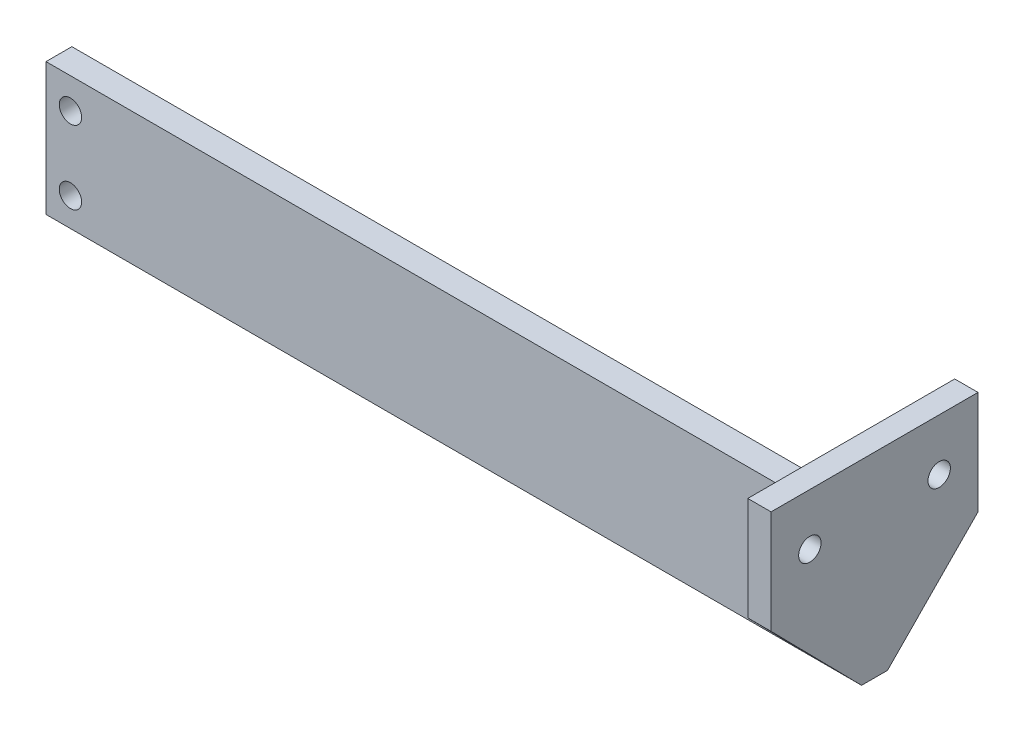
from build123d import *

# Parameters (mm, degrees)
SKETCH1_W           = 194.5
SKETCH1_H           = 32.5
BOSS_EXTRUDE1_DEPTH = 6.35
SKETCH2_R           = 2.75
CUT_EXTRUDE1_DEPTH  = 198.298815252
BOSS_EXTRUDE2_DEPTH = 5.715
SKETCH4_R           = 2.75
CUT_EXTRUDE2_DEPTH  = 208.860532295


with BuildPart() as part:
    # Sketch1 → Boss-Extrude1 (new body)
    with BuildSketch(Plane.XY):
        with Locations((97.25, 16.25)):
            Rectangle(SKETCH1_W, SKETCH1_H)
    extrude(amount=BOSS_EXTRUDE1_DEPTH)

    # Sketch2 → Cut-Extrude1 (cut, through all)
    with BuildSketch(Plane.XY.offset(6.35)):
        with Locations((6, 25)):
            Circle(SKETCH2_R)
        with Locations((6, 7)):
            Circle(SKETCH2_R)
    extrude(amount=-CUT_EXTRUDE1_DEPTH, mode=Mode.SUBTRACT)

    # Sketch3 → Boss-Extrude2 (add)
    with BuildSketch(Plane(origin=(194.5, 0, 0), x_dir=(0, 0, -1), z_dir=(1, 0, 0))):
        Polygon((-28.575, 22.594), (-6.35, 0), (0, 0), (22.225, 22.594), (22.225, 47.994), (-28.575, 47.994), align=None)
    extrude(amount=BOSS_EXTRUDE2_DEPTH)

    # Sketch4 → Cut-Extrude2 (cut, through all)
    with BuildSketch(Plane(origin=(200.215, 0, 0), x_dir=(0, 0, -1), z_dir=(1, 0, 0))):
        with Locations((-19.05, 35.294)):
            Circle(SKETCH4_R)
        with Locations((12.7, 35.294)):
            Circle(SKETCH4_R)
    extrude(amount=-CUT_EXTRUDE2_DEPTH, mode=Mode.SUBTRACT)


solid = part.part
== == ==
» **Problem description**: Give the records a second time exactly, keeping the images out.

» **Answer below**:
from build123d import *

# Parameters (mm, degrees)
SKETCH1_W           = 194.5
SKETCH1_H           = 32.5
BOSS_EXTRUDE1_DEPTH = 6.35
SKETCH2_R           = 2.75
CUT_EXTRUDE1_DEPTH  = 198.298815252
BOSS_EXTRUDE2_DEPTH = 5.715
SKETCH4_R           = 2.75
CUT_EXTRUDE2_DEPTH  = 208.860532295


with BuildPart() as part:
    # Sketch1 → Boss-Extrude1 (new body)
    with BuildSketch(Plane.XY):
        with Locations((97.25, 16.25)):
            Rectangle(SKETCH1_W, SKETCH1_H)
    extrude(amount=BOSS_EXTRUDE1_DEPTH)

    # Sketch2 → Cut-Extrude1 (cut, through all)
    with BuildSketch(Plane.XY.offset(6.35)):
        with Locations((6, 25)):
            Circle(SKETCH2_R)
        with Locations((6, 7)):
            Circle(SKETCH2_R)
    extrude(amount=-CUT_EXTRUDE1_DEPTH, mode=Mode.SUBTRACT)

    # Sketch3 → Boss-Extrude2 (add)
    with BuildSketch(Plane(origin=(194.5, 0, 0), x_dir=(0, 0, -1), z_dir=(1, 0, 0))):
        Polygon((-28.575, 22.594), (-6.35, 0), (0, 0), (22.225, 22.594), (22.225, 47.994), (-28.575, 47.994), align=None)
    extrude(amount=BOSS_EXTRUDE2_DEPTH)

    # Sketch4 → Cut-Extrude2 (cut, through all)
    with BuildSketch(Plane(origin=(200.215, 0, 0), x_dir=(0, 0, -1), z_dir=(1, 0, 0))):
        with Locations((-19.05, 35.294)):
            Circle(SKETCH4_R)
        with Locations((12.7, 35.294)):
            Circle(SKETCH4_R)
    extrude(amount=-CUT_EXTRUDE2_DEPTH, mode=Mode.SUBTRACT)


solid = part.part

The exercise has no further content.